Starting at the line containing "#215=ORIENTED_EDGE('',*,*,#214,.F.);" and ending at the line containing "#224=PLANE('',#223);", print every line of the material below exactly, both ends included, and stop there.
------------------------------------------------------------
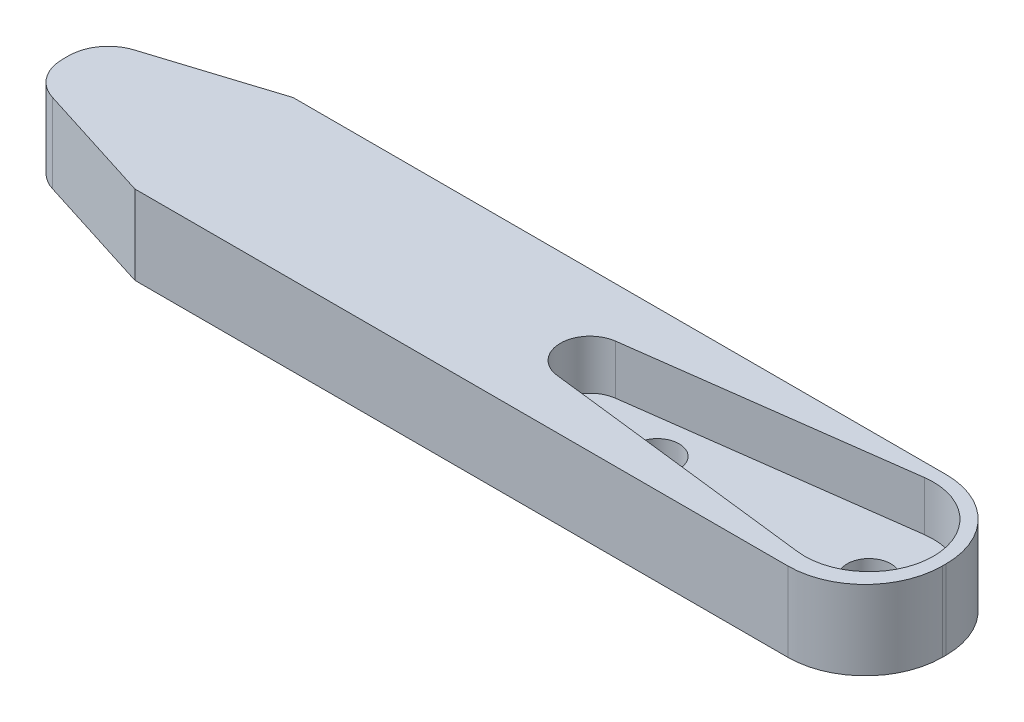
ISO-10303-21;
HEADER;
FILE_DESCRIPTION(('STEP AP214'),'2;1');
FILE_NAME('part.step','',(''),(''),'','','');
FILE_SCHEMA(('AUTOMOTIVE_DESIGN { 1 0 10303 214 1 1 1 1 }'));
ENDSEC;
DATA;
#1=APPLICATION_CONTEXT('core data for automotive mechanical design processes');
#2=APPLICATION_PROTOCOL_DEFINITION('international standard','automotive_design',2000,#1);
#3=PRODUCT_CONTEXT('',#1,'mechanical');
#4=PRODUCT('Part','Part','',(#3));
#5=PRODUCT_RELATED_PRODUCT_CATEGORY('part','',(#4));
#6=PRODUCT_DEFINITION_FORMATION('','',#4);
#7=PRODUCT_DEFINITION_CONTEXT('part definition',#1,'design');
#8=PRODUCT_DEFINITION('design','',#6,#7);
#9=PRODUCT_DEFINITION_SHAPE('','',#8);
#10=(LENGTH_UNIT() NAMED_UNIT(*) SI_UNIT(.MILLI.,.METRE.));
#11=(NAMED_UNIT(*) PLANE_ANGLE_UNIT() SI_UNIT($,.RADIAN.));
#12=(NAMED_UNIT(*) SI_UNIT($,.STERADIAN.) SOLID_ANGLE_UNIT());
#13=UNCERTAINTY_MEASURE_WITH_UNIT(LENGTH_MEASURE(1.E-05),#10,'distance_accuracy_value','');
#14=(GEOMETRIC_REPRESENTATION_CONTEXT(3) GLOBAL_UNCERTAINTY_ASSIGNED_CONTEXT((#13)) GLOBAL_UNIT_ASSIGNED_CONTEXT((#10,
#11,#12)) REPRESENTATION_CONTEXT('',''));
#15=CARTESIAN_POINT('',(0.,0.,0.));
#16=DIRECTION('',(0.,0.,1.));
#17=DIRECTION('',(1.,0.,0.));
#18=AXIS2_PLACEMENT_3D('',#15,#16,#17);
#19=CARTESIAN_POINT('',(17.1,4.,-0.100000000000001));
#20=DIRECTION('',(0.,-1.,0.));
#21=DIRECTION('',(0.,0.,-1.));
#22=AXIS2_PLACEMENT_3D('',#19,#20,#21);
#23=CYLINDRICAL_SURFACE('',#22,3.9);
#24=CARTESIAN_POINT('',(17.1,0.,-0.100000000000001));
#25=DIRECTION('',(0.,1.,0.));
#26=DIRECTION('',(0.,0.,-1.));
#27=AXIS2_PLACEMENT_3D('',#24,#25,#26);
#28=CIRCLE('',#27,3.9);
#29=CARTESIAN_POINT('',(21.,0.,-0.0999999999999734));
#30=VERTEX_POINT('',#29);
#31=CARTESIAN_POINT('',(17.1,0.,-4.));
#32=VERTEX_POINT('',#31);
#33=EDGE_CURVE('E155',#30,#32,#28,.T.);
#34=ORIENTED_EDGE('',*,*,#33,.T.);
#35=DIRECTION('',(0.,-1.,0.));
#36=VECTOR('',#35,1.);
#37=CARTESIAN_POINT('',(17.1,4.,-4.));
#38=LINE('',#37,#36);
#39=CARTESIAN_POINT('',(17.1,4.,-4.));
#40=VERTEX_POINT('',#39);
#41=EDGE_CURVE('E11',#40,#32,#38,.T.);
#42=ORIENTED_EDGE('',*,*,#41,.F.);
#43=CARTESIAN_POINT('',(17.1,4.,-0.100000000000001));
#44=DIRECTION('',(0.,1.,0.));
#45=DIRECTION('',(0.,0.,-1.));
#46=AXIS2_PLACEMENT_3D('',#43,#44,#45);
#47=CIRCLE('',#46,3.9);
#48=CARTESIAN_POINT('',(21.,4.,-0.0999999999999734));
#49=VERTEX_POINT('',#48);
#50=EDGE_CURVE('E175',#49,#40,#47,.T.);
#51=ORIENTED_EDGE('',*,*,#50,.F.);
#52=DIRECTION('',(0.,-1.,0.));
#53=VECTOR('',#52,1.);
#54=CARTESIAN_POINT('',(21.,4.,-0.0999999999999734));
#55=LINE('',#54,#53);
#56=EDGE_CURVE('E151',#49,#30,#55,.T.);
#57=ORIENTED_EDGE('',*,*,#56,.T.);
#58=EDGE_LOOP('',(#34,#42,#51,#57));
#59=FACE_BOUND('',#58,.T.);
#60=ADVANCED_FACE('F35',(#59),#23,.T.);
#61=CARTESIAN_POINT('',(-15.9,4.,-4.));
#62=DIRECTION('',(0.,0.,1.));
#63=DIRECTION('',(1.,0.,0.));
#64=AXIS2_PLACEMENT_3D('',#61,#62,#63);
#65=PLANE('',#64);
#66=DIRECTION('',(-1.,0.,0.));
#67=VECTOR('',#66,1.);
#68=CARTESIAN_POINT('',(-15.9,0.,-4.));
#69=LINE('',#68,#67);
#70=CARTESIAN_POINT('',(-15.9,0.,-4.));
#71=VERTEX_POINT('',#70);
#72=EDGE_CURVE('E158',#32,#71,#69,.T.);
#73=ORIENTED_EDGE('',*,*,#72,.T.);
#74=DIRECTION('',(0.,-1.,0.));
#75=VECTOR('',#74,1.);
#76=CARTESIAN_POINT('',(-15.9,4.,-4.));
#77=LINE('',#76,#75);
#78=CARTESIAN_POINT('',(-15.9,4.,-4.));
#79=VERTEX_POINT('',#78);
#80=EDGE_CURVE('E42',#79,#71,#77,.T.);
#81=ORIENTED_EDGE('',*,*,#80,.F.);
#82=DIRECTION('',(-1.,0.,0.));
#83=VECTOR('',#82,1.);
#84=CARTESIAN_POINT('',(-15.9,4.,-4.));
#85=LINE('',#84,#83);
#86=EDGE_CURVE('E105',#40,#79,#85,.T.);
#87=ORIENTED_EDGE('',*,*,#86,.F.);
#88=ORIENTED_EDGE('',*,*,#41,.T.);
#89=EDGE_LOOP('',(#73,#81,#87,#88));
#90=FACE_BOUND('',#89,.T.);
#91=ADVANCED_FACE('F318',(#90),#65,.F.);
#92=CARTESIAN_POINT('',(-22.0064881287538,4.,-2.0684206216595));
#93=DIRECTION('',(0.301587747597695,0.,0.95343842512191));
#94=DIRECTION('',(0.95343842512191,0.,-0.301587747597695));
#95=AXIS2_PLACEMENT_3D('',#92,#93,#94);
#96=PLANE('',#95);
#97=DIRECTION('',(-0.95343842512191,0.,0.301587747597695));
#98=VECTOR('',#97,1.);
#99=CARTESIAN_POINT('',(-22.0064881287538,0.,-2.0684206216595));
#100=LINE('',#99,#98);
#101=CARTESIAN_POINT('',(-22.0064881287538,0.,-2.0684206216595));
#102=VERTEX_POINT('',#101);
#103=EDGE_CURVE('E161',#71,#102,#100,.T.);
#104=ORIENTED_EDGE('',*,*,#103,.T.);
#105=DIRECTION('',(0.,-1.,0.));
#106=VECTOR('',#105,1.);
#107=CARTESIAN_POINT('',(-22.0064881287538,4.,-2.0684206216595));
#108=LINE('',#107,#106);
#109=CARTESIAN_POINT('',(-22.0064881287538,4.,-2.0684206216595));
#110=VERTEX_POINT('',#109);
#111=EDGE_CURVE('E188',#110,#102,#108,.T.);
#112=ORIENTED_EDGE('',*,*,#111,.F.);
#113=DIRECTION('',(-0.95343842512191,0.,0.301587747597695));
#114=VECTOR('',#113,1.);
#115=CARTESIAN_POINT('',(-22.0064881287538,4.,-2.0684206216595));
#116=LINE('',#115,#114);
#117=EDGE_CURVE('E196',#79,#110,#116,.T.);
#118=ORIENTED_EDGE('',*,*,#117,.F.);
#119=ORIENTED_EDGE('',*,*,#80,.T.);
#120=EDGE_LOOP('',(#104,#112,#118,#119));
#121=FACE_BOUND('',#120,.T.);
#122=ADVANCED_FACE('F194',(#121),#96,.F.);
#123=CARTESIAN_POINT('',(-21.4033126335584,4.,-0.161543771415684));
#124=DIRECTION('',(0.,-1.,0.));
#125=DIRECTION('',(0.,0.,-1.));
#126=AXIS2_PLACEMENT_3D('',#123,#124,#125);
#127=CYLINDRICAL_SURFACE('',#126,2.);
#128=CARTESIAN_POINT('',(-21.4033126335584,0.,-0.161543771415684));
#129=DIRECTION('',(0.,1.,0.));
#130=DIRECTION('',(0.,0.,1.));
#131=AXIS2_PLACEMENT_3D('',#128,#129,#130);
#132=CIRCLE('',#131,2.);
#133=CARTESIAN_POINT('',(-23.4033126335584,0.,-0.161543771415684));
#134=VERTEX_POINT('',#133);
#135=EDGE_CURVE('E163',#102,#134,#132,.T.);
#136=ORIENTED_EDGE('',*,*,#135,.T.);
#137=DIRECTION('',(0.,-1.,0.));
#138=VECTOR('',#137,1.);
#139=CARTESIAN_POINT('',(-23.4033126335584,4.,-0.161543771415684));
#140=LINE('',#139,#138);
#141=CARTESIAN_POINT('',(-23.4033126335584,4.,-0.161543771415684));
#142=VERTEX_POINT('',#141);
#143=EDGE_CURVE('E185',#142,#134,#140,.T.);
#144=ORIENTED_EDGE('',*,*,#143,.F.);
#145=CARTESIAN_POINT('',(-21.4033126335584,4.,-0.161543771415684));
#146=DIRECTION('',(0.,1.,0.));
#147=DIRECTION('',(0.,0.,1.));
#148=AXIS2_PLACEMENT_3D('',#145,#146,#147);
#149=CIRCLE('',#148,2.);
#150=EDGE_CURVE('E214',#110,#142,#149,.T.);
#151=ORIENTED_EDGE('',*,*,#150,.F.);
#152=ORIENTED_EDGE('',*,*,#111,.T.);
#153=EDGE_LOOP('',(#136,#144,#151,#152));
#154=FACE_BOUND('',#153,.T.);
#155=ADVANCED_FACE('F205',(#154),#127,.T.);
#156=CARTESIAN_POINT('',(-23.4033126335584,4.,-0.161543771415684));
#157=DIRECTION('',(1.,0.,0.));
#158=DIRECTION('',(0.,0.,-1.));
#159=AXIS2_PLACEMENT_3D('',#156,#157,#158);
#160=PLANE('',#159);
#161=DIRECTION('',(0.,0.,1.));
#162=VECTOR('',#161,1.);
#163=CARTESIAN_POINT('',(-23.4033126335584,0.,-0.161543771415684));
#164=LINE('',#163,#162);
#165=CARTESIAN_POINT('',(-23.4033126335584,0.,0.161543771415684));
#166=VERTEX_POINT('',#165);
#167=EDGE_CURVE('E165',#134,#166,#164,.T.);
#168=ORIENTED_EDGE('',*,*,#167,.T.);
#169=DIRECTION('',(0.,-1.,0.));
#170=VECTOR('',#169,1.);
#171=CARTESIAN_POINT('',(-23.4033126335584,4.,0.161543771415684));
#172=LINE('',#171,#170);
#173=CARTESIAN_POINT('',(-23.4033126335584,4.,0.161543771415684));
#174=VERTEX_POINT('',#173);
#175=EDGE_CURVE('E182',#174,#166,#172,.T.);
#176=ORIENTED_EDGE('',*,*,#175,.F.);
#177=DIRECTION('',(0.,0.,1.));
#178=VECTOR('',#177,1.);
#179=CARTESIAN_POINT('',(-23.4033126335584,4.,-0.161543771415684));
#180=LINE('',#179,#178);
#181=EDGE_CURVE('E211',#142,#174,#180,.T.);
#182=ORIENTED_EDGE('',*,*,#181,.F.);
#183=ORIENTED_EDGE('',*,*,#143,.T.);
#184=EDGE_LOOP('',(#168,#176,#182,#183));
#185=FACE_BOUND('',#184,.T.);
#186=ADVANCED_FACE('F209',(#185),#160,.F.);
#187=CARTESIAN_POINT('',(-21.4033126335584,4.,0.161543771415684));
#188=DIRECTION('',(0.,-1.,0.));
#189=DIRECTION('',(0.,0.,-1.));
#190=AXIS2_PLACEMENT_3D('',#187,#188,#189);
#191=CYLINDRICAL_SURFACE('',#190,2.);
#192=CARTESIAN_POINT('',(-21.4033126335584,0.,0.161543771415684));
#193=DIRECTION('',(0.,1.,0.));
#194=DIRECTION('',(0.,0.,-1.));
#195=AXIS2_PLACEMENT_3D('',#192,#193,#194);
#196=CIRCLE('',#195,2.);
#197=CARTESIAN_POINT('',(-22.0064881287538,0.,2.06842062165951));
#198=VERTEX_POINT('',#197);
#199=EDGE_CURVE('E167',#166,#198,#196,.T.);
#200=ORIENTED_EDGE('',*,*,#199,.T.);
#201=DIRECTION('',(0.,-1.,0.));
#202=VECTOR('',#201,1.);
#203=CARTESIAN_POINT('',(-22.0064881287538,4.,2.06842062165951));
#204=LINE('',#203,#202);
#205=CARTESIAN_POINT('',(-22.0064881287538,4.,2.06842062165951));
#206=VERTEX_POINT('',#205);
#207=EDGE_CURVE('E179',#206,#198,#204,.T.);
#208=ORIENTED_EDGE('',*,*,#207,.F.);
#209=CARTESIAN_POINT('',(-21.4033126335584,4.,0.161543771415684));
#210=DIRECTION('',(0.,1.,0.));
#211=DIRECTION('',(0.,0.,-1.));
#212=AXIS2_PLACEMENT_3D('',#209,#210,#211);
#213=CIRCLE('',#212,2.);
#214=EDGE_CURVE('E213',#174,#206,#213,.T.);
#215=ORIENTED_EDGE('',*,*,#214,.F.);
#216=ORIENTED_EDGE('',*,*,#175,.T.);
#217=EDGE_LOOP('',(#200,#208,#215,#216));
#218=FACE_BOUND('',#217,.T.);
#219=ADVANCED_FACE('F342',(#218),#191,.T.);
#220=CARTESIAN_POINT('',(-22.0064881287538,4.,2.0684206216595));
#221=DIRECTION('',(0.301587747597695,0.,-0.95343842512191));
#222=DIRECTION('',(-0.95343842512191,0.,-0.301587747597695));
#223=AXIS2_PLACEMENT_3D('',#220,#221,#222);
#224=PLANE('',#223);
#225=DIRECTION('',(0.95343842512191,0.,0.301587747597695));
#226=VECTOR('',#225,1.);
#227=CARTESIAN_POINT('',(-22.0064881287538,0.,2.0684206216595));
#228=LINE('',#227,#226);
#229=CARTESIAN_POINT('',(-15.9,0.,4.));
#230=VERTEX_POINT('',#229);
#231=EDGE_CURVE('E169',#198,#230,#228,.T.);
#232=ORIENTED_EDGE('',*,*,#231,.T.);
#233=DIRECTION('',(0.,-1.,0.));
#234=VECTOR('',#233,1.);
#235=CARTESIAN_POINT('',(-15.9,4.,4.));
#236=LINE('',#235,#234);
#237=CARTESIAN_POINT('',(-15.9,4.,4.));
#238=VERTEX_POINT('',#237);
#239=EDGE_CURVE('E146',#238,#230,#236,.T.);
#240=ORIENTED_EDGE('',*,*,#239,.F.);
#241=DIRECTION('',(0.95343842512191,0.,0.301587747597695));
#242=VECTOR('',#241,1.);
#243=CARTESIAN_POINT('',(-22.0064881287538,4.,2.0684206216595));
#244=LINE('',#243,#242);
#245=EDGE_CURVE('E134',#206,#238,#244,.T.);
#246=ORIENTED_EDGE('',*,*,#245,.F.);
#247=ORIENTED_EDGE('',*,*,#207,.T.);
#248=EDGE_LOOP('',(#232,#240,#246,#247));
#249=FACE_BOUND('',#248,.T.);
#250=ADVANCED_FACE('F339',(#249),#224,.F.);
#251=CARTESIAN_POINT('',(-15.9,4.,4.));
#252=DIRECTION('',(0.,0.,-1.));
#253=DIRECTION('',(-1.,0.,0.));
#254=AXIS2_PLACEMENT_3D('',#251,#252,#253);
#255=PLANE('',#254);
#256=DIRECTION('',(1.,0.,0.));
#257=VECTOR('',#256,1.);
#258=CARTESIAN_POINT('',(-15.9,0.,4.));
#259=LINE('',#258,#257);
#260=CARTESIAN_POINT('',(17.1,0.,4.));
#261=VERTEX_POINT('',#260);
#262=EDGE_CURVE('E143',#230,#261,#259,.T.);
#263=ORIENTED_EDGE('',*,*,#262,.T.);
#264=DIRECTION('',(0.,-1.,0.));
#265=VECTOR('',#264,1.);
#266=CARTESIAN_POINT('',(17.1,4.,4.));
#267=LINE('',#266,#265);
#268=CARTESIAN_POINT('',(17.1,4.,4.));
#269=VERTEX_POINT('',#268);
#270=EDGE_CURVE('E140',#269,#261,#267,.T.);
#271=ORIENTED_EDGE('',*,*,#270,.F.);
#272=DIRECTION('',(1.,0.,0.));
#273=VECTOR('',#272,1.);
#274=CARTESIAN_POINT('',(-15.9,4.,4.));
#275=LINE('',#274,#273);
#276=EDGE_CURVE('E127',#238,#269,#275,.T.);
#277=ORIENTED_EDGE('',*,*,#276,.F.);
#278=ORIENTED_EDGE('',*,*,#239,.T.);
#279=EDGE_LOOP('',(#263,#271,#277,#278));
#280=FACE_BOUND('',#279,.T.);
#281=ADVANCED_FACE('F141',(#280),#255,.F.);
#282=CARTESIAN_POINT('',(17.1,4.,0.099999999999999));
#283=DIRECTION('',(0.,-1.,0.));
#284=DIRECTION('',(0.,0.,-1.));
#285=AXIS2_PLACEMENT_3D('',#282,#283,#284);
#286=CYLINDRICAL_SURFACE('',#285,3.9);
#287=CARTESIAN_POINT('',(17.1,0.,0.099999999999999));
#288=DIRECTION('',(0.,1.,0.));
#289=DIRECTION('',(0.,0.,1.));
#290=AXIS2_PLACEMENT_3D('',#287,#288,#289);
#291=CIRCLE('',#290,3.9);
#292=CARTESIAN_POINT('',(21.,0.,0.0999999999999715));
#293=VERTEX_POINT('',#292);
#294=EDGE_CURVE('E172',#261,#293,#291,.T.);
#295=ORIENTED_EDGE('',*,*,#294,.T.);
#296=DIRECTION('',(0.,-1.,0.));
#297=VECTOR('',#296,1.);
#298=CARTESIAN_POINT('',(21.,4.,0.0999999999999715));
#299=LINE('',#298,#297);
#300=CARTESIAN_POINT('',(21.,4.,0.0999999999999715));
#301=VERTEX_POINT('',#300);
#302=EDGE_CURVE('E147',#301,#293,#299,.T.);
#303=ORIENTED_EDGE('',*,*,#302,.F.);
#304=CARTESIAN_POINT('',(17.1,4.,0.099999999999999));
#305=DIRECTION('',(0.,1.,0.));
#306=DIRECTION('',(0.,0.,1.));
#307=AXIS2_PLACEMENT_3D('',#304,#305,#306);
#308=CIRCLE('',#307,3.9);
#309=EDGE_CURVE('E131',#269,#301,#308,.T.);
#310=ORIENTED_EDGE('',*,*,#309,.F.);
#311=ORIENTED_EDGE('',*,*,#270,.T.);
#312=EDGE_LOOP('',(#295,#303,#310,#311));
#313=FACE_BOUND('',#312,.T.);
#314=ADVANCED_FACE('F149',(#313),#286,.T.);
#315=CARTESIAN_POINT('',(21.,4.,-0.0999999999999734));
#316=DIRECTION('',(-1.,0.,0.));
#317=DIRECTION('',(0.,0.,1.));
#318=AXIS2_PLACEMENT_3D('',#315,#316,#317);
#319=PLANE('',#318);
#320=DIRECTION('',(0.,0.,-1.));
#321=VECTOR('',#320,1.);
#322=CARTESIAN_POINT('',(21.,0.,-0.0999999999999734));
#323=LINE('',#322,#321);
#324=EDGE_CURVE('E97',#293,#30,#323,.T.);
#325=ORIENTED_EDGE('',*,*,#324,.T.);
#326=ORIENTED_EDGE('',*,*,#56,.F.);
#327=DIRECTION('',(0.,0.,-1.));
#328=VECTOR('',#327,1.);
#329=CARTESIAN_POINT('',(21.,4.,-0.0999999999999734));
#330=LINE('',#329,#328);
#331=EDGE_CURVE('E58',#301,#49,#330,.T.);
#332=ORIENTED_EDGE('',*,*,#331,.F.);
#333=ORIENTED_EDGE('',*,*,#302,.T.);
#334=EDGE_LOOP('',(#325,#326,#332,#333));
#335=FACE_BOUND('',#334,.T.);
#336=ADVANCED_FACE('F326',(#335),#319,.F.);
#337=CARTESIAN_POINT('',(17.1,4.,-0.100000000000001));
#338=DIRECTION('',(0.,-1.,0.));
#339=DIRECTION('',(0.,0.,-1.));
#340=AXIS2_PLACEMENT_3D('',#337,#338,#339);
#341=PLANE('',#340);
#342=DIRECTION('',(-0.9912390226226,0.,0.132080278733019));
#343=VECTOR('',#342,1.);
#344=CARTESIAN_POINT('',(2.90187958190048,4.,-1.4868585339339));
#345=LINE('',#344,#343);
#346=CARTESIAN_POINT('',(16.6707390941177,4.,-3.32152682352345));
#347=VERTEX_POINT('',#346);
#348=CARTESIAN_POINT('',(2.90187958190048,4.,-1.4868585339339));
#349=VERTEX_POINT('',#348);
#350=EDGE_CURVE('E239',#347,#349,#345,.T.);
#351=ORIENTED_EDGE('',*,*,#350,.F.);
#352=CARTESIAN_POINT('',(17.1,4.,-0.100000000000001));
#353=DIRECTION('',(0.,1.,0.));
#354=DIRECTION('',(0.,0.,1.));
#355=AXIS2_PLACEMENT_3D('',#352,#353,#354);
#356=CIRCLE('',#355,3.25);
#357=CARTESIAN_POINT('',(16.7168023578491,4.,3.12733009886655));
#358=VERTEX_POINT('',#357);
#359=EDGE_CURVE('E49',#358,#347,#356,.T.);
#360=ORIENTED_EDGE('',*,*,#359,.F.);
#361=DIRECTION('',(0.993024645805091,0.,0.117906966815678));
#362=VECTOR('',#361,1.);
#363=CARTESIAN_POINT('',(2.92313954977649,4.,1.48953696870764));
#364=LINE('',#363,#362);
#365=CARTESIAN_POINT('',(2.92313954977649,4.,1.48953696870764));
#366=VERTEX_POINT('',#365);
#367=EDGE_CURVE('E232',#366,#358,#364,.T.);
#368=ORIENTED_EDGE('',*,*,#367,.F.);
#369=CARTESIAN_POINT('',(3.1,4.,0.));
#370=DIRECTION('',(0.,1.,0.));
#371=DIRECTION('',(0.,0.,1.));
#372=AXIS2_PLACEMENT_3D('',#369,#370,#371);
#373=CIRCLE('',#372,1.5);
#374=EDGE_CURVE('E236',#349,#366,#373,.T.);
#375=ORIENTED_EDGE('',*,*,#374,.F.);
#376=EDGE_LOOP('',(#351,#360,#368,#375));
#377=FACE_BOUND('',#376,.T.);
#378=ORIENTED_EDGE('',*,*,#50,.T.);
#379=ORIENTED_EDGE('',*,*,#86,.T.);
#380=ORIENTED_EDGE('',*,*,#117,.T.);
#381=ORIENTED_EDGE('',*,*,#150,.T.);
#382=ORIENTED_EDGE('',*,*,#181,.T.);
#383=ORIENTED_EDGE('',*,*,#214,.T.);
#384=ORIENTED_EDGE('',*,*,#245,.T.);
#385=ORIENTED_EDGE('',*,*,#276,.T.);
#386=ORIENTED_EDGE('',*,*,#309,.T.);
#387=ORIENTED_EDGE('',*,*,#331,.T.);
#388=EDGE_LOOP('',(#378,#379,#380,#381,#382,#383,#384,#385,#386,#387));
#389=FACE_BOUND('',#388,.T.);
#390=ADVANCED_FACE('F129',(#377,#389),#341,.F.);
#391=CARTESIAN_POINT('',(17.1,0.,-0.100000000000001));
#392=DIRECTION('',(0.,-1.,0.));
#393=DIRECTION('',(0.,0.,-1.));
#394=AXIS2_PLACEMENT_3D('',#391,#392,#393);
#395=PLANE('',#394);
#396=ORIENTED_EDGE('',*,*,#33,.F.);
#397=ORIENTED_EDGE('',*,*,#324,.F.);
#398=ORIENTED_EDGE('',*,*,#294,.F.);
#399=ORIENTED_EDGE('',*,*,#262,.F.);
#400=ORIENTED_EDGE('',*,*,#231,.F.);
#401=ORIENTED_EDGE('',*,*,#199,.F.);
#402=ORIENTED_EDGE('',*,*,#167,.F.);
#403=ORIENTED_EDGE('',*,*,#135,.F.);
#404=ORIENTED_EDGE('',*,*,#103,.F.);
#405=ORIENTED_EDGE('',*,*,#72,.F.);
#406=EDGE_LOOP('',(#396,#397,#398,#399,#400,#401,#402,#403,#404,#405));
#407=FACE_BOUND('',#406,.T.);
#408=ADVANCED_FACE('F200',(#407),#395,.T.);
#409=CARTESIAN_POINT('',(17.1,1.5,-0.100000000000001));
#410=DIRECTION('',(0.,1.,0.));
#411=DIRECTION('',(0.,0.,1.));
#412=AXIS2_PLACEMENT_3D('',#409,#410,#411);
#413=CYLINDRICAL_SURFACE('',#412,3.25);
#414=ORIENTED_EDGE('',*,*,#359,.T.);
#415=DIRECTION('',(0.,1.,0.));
------------------------------------------------------------
## [Response box]
#215=ORIENTED_EDGE('',*,*,#214,.F.);
#216=ORIENTED_EDGE('',*,*,#175,.T.);
#217=EDGE_LOOP('',(#200,#208,#215,#216));
#218=FACE_BOUND('',#217,.T.);
#219=ADVANCED_FACE('F342',(#218),#191,.T.);
#220=CARTESIAN_POINT('',(-22.0064881287538,4.,2.0684206216595));
#221=DIRECTION('',(0.301587747597695,0.,-0.95343842512191));
#222=DIRECTION('',(-0.95343842512191,0.,-0.301587747597695));
#223=AXIS2_PLACEMENT_3D('',#220,#221,#222);
#224=PLANE('',#223);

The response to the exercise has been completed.